How can a Will be cancelled?

A will can be cancelled/revoked by making another will. The latest Will will by default make all previous wills invalid. The Will can also be cancelled by tearing it or revoking the Will by some writing.

What is a probate?

A probate is a copy of a Will certified under the seal of a competent court. It is treated as conclusive evidence of the genuineness of a Will. A probate is granted only to the Executor appointed in the Will after a period of 7 days from the death of the testator.

Where does the executor go for a probate?

The executor has to apply for a probate at the District Court under whose jurisdiction the testator owned a permanent residence. The principal judge issues the probate once the requisite procedure is complied with.

Does a Will need to be Typed? Registered? Stamped?

All the above is not mandatory. It is however beneficial to have the Will registered to avoid the questionability of the Will’s genuineness.

How do I get my Will Registered?

The testator (person making the will), 2 witnesses (need not be the same two persons as the Witnesses on the Will), the original Will and a doctor’s certificate stating the testator is of sound mind will be required for registering the Will. The Will has to be registered with the Registrar/sub-registrar of a Local court. A registration fee will be charged. 

What is a Contingent or Conditional Will?
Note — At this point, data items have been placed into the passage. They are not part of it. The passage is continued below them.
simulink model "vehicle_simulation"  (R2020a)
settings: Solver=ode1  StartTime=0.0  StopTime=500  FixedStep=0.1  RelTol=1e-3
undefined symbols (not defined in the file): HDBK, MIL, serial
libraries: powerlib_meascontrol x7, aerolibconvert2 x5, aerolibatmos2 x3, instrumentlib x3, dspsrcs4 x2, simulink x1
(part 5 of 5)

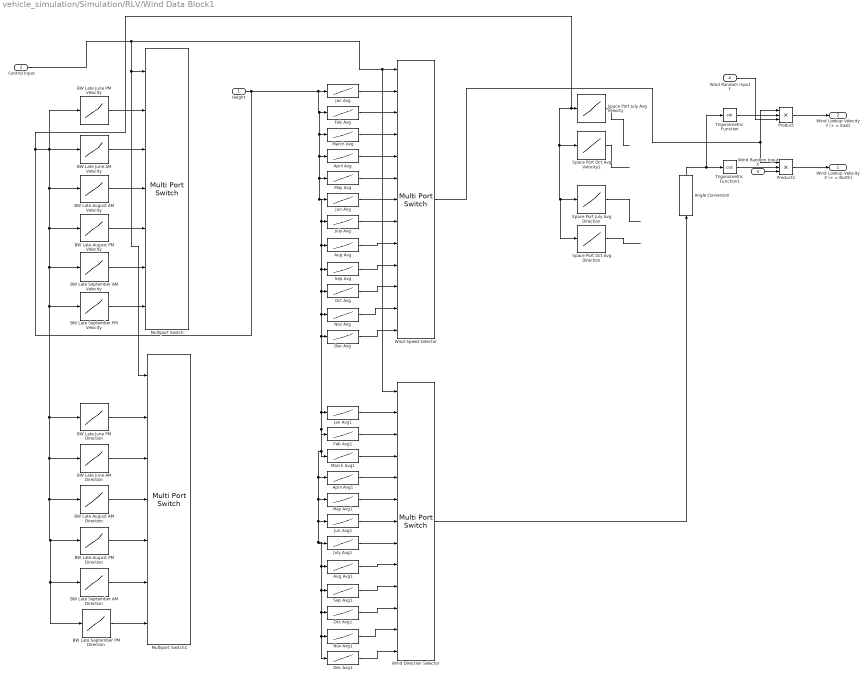
== system vehicle_simulation/Simulation/RLV/Wind Data Block1 ==
  Height : Inport
  Control Input : Inport  Port=2
  Wind Random Input X : Inport  Port=3
  Wind Random Input Y : Inport  Port=4
  Angle Conversion : aerolibconvert2/Angle Conversion  IU=deg  OU=rad
  April Avg : Lookup_n-D  NumberOfTableDimensions=1  BreakpointsForDimension1=[0,5000,10000,15000,20000,24000,100000]  Table=[5,17,30,20,5,7,0]  ExtrapMethod=Clip  UseLastTableValue=on  InternalRulePriority=Speed  RndMeth=Simplest  InputSameDT=on
  April Avg1 : Lookup_n-D  NumberOfTableDimensions=1  BreakpointsForDimension1=[0,5000,10000,15000,20000,24000,100000]  Table=[76,81,82,78,76,69,69]  ExtrapMethod=Clip  UseLastTableValue=on  InternalRulePriority=Speed  RndMeth=Simplest  InputSameDT=on
  Aug Avg : Lookup_n-D  NumberOfTableDimensions=1  BreakpointsForDimension1=[0,5000,10000,15000,20000,24000,100000]  Table=[2,2,5,2,10,14,0]  ExtrapMethod=Clip  UseLastTableValue=on  InternalRulePriority=Speed  RndMeth=Simplest  InputSameDT=on
  Aug Avg1 : Lookup_n-D  NumberOfTableDimensions=1  BreakpointsForDimension1=[0,5000,10000,15000,20000,24000,100000]  Table=[4,289,63,315,273,275,275]  ExtrapMethod=Clip  UseLastTableValue=on  InternalRulePriority=Speed  RndMeth=Simplest  InputSameDT=on
  BW Late August AM Direction : Lookup_n-D  NumberOfTableDimensions=1  BreakpointsForDimension1=[1546.1,1672.3,1845.1,2022.5,2255.5,2513.3,2836.4,3141.1,3395.8,3721.8,4061.2,4331.2,4582.8,4769.4,4942.4,5153.1,5313.9,5529.6,5694.8,5886,6078.5,6266.6,6490.2,6681.6,6882.9,7107.7,7346.2,7560,7827.5,8089.4,8305.8,8552.6,8781.9,9076.5,9311.2,9617.9,9889.3,10128,10375.7,10665.3,10948,11296.3,11552.9,11850.8,12069.6,12365.4,12654,12923.3,13134.5,13346.7,13598.6,13830.3,14097.1,14348,14557.6,14784.6,15036.1,15280.6,15487.7,15749.3,16059.5,16283.4,16572.3,16811.6,17109.6,17372.4,17652.2,17851.6,18135.9,18444.7,18704.6,19006.8,19282,19550.5,19765,20080.7,20374.9,20691.4,21007,21208.3,21458.2,21730.5,22033.2,22269.7,22494.3,22499.6,22744.1,22960,23248.2,23450.9,23683.3,23936.4,24175.2,24392.6,24677.4,24921.7,25201.5,25500,25741.8,25981.6,26271.3,26550.1,26831.4,27099.6,27393,27493.8,27652.2,27741,28143.9,28217,28571.1,28767.7,28789.4,29086.3,29225.3,29399.3,29535.7,29920.3,30157.2,30251.3,30403.5,30734,31253,31646,31990.8,32148.3,32309,32417,32931,80000]  Table=[228.9,227.3,225.3,226.4,224.6,219.5,200.9,219,197.3,198.5,213.3,200.8,219.3,217.2,216.2,215,216,212.2,213.8,202.9,204.9,206.9,207.4,211,201.6,202.9,203.2,190.7,192,192.7,203.6,214.6,223.4,227,228.2,226.7,230.2,241.2,242.4,241.9,251.7,234.8,248.1,248.6,244.7,243.7,243.3,234.7,234.4,236,240.2,238,236.3,234.7,239.7,245.1,241.5,240.7,230.3,236.6,211.5,220.8,210.5,208.3,223.3,205,206.1,209.8,191.8,183.4,190.1,158.7,159.1,163.5,156.7,140,144.3,142.9,122.3,121.3,108.8,108.5,130.9,107,102,113.1,113.8,116.9,92,86.6,84.1,85.1,92.6,93.3,91.3,89.4,96.4,99,99.1,100.8,102.3,100.7,90.3,90.8,91.3,91.1,91,90.4,92.2,99.1,103.4,131.6,99.6,130.4,92.4,89.2,90.2,88.3,91.8,92.5,80,85.3,87.5,94,94.3,102,102.5,97.5,80,0]  InterpMethod=Cubic spline  ExtrapMethod=Clip  UseLastTableValue=on  InternalRulePriority=Speed  RndMeth=Simplest  InputSameDT=on
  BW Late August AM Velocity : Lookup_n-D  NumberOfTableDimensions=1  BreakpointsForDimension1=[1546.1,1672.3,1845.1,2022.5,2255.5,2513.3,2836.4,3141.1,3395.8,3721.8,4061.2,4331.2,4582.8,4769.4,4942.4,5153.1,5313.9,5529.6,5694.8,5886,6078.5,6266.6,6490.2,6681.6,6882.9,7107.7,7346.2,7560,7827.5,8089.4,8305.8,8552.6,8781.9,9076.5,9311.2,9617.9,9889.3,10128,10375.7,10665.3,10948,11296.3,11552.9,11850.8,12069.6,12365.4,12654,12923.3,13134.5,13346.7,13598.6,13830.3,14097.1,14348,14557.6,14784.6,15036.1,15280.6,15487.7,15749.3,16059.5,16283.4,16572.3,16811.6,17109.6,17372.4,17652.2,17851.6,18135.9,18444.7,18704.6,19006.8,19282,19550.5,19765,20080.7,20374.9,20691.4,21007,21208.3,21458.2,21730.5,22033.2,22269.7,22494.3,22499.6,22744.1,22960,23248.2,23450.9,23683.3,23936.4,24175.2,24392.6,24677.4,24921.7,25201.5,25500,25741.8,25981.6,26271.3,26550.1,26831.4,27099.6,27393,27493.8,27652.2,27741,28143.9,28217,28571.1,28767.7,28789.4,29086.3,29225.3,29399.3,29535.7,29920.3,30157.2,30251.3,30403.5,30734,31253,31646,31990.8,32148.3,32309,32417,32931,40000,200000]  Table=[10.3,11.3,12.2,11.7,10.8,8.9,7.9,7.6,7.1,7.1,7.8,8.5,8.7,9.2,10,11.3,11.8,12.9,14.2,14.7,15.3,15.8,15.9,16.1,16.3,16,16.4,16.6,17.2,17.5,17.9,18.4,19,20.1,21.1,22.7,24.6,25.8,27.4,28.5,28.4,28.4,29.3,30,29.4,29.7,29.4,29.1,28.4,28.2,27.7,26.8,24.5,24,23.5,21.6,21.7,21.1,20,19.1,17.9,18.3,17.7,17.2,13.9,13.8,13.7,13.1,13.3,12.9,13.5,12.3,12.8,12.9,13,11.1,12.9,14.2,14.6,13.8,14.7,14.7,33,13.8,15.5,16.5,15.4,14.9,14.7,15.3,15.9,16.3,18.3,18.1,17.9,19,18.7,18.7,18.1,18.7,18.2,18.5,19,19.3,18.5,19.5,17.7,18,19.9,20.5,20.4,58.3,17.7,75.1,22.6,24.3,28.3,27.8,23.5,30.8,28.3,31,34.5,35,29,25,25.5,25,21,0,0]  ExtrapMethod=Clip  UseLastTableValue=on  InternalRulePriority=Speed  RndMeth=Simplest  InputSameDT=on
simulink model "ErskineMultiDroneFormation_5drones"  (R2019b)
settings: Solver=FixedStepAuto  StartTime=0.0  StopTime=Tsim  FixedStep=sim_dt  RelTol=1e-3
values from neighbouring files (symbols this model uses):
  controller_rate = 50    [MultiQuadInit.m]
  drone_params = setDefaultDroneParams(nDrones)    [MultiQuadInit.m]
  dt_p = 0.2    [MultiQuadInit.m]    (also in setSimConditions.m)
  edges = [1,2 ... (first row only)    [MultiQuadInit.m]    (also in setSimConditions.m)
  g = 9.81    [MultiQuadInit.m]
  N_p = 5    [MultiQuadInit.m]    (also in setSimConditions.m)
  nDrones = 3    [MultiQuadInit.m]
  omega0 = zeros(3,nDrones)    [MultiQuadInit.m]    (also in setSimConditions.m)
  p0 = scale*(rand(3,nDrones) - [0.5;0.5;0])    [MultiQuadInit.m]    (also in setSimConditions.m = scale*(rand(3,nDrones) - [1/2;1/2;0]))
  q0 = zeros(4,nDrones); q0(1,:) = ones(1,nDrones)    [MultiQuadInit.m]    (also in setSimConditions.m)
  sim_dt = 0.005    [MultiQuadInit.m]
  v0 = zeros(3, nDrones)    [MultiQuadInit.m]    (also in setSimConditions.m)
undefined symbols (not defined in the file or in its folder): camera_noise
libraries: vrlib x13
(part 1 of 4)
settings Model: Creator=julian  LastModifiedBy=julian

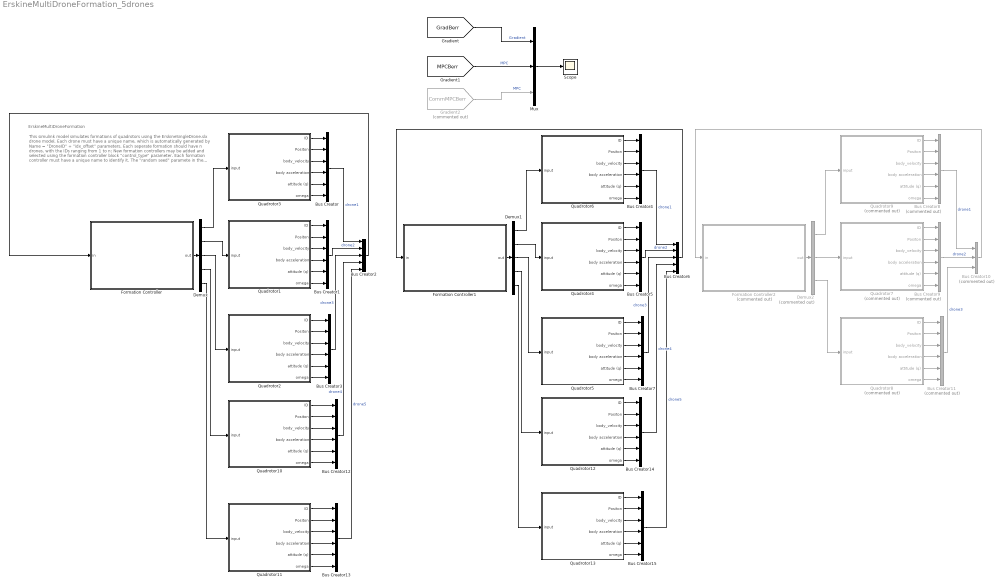
== system ErskineMultiDroneFormation_5drones ==
  note: This simulink model simulates formations of quadrotors using the
      | ErskineSingleDrone.slx drone model.  Each drone must have a unique name,
      | which is automatically generated by Name = "DroneID" + "idx_offset" parameters.
      | Each seperate formation should have n drones, with the IDs ranging from 1 to n;
      |
      | New formation controllers may be added and selected using the formation
      | controller block "control_type" parameter. Each formation controller must have a
      | unique name to identify it. The "random seed" paramete in the formation control block sets the random noise seed for the controller measurements.
      |
      | Initial conditions, parameters, and the FormationStateBus must be generated for n drones (see initialization script)
  note: ErskineMultiDroneFormation
  "  Quadrotor1" : Subsystem  mask{control_type_param=2: Body Velocity + Yawrate, DroneID=2, DroneName=Drone2, idx_offset=0}
      mask prompts: control_type_param "Controller type"; DroneName "Drone Name"; idx_offset "Index Offset"
      mask TypeOptions control_type_param: 1: Position + Yaw | 2: Body Velocity + Yawrate | 3: Body Acceleration + Yawrate | 4: Thrust + Attitude | 5: Thrust + Body Rate | 6: Body Wrench
      mask TypeOptions DroneID: 1 | 2 | 3 | 4 | 5 | 6 | 7 | 8 | 9
      mask Callback DroneID:
      | ID = get_param(gcb,'DroneID');
      | offset = get_param(gcb,'idx_offset');
      | if ischar(ID)
      |   ID = str2num(ID);
      | end
      | if ischar(offset)
      |   offset = str2num(offset);
      | end
      | nameID = ID + offset;
      | set_param(gcb,'DroneName',["Drone"+num2str(nameID)]);
      mask Callback DroneName: set_param([gcb,'/To Workspace'],'VariableName',[get_param(gcb,'DroneName')]);
      mask Callback idx_offset:
      | ID = get_param(gcb,'DroneID');
      | offset = get_param(gcb,'idx_offset');
      | if ischar(ID)
      |   ID = str2num(ID);
      | end
      | if ischar(offset)
      |   offset = str2num(offset);
      | end
      | nameID = ID + offset;
      | set_param(gcb,'DroneName',["Drone"+num2str(nameID)]);
      mask DialogControl Control4 Prompt: click to choose controller
      mask Display:
      | image('Format/drone_image.png'); % Use "Edit Image" on toolstrip to change.
      | Name = get_param(gcb,'DroneName');
      | ID = get_param(gcb,'DroneID');
      | C_mode = get_param(gcb,'control_type_param');
      | C_mode(1:2) = [];
      | color('red')
      | ID = "ID = "+ID;
      | color('red')
      | text(0.5, 0.25, Name, 'horizontalAlignment', 'center')
      | color('red')
      | text(0.5, 0.15, ID, 'horizontalAlignment', 'center')
      | color('blue');
      | text(0.5, 0.05, C_mode, 'horizontalAlignment', 'center')
  "  Quadrotor10" : Subsystem  mask{control_type_param=2: Body Velocity + Yawrate, DroneID=4, DroneName=Drone4, idx_offset=0}
      mask prompts: control_type_param "Controller type"; DroneName "Drone Name"; idx_offset "Index Offset"
      mask TypeOptions control_type_param: 1: Position + Yaw | 2: Body Velocity + Yawrate | 3: Body Acceleration + Yawrate | 4: Thrust + Attitude | 5: Thrust + Body Rate | 6: Body Wrench
      mask TypeOptions DroneID: 1 | 2 | 3 | 4 | 5 | 6 | 7 | 8 | 9
      mask Callback DroneID:
      | ID = get_param(gcb,'DroneID');
      | offset = get_param(gcb,'idx_offset');
      | if ischar(ID)
      |   ID = str2num(ID);
      | end
      | if ischar(offset)
      |   offset = str2num(offset);
      | end
      | nameID = ID + offset;
      | set_param(gcb,'DroneName',["Drone"+num2str(nameID)]);
      mask Callback DroneName: set_param([gcb,'/To Workspace'],'VariableName',[get_param(gcb,'DroneName')]);
      mask Callback idx_offset:
      | ID = get_param(gcb,'DroneID');
      | offset = get_param(gcb,'idx_offset');
      | if ischar(ID)
      |   ID = str2num(ID);
      | end
      | if ischar(offset)
      |   offset = str2num(offset);
      | end
      | nameID = ID + offset;
      | set_param(gcb,'DroneName',["Drone"+num2str(nameID)]);
      mask DialogControl Control4 Prompt: click to choose controller
      mask Display:
      | image('Format/drone_image.png'); % Use "Edit Image" on toolstrip to change.
      | Name = get_param(gcb,'DroneName');
      | ID = get_param(gcb,'DroneID');
      | C_mode = get_param(gcb,'control_type_param');
      | C_mode(1:2) = [];
      | color('red')
      | ID = "ID = "+ID;
      | color('red')
      | text(0.5, 0.25, Name, 'horizontalAlignment', 'center')
      | color('red')
      | text(0.5, 0.15, ID, 'horizontalAlignment', 'center')
      | color('blue');
      | text(0.5, 0.05, C_mode, 'horizontalAlignment', 'center')
  "  Quadrotor11" : Subsystem  mask{control_type_param=2: Body Velocity + Yawrate, DroneID=5, DroneName=Drone5, idx_offset=0}
      mask prompts: control_type_param "Controller type"; DroneName "Drone Name"; idx_offset "Index Offset"
      mask TypeOptions control_type_param: 1: Position + Yaw | 2: Body Velocity + Yawrate | 3: Body Acceleration + Yawrate | 4: Thrust + Attitude | 5: Thrust + Body Rate | 6: Body Wrench
      mask TypeOptions DroneID: 1 | 2 | 3 | 4 | 5 | 6 | 7 | 8 | 9
      mask Callback DroneID:
      | ID = get_param(gcb,'DroneID');
      | offset = get_param(gcb,'idx_offset');
      | if ischar(ID)
      |   ID = str2num(ID);
      | end
      | if ischar(offset)
      |   offset = str2num(offset);
      | end
      | nameID = ID + offset;
      | set_param(gcb,'DroneName',["Drone"+num2str(nameID)]);
      mask Callback DroneName: set_param([gcb,'/To Workspace'],'VariableName',[get_param(gcb,'DroneName')]);
      mask Callback idx_offset:
      | ID = get_param(gcb,'DroneID');
      | offset = get_param(gcb,'idx_offset');
      | if ischar(ID)
      |   ID = str2num(ID);
      | end
      | if ischar(offset)
      |   offset = str2num(offset);
      | end
      | nameID = ID + offset;
      | set_param(gcb,'DroneName',["Drone"+num2str(nameID)]);
      mask DialogControl Control4 Prompt: click to choose controller
      mask Display:
      | image('Format/drone_image.png'); % Use "Edit Image" on toolstrip to change.
      | Name = get_param(gcb,'DroneName');
      | ID = get_param(gcb,'DroneID');
      | C_mode = get_param(gcb,'control_type_param');
      | C_mode(1:2) = [];
      | color('red')
      | ID = "ID = "+ID;
      | color('red')
      | text(0.5, 0.25, Name, 'horizontalAlignment', 'center')
      | color('red')
      | text(0.5, 0.15, ID, 'horizontalAlignment', 'center')
      | color('blue');
      | text(0.5, 0.05, C_mode, 'horizontalAlignment', 'center')
  "  Quadrotor12" : Subsystem  mask{control_type_param=5: Thrust + Body Rate, DroneID=4, DroneName=Drone9, idx_offset=5}
      mask prompts: control_type_param "Controller type"; DroneName "Drone Name"; idx_offset "Index Offset"
      mask TypeOptions control_type_param: 1: Position + Yaw | 2: Body Velocity + Yawrate | 3: Body Acceleration + Yawrate | 4: Thrust + Attitude | 5: Thrust + Body Rate | 6: Body Wrench
      mask TypeOptions DroneID: 1 | 2 | 3 | 4 | 5 | 6 | 7 | 8 | 9
      mask Callback DroneID:
      | ID = get_param(gcb,'DroneID');
      | offset = get_param(gcb,'idx_offset');
      | if ischar(ID)
      |   ID = str2num(ID);
      | end
      | if ischar(offset)
      |   offset = str2num(offset);
      | end
      | nameID = ID + offset;
      | set_param(gcb,'DroneName',["Drone"+num2str(nameID)]);
      mask Callback DroneName: set_param([gcb,'/To Workspace'],'VariableName',[get_param(gcb,'DroneName')]);
      mask Callback idx_offset:
      | ID = get_param(gcb,'DroneID');
      | offset = get_param(gcb,'idx_offset');
      | if ischar(ID)
      |   ID = str2num(ID);
      | end
      | if ischar(offset)
      |   offset = str2num(offset);
      | end
      | nameID = ID + offset;
      | set_param(gcb,'DroneName',["Drone"+num2str(nameID)]);
      mask DialogControl Control4 Prompt: click to choose controller
      mask Display:
      | image('Format/drone_image.png'); % Use "Edit Image" on toolstrip to change.
      | Name = get_param(gcb,'DroneName');
      | ID = get_param(gcb,'DroneID');
      | C_mode = get_param(gcb,'control_type_param');
      | C_mode(1:2) = [];
      | color('red')
      | ID = "ID = "+ID;
      | color('red')
      | text(0.5, 0.25, Name, 'horizontalAlignment', 'center')
      | color('red')
      | text(0.5, 0.15, ID, 'horizontalAlignment', 'center')
      | color('blue');
      | text(0.5, 0.05, C_mode, 'horizontalAlignment', 'center')
  "  Quadrotor13" : Subsystem  mask{control_type_param=5: Thrust + Body Rate, DroneID=5, DroneName=Drone10, idx_offset=5}
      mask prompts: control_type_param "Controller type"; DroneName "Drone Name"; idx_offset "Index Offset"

A Will that is made to take into effect only on a certain contingency. Its validity will depend on that contingent event occurring. For example, Mr. A executed a Will to be operative in a particular year, i.e. if he died in that year. A lived for more years after that year.  The court held that it should be deemed that he died intestate, as A did not express an intention that the Will should be valid even after that year.

What is a Living Will?

A Living Will is a declaration stating the persons wishes regarding the use of life prolonging medical treatments in the event that he/she is not in a condition to communicate his/wishes to the family or medical practitioners. It does not dispose property nor is it operational after death like a Will. 

It must be noted that a living Will is not legally enforceable in India. It only provides guidance to your loved ones and near of kin by stating your wishes regarding the administration of medical treatment for crippling illnesses which lead to fear of an un-meaningful life prolonged through medication and treatment which can be painful, stressful and at times very expensive without desired outcome.

When do I need to revisit my Will?

A new Will is recommended in the following instances:

  • If you are a Parsi or a Christian, your old Will stands automatically revoked upon marriage.
  • If any major event has happened, such as the following:
    • Any significant additions/deletions of your assets, eg. purchase of a new property.
    • A need to change the guardian of minor children.
    • A need to change the Executor/s of the will.
    • A major life event like the birth of a child or divorce.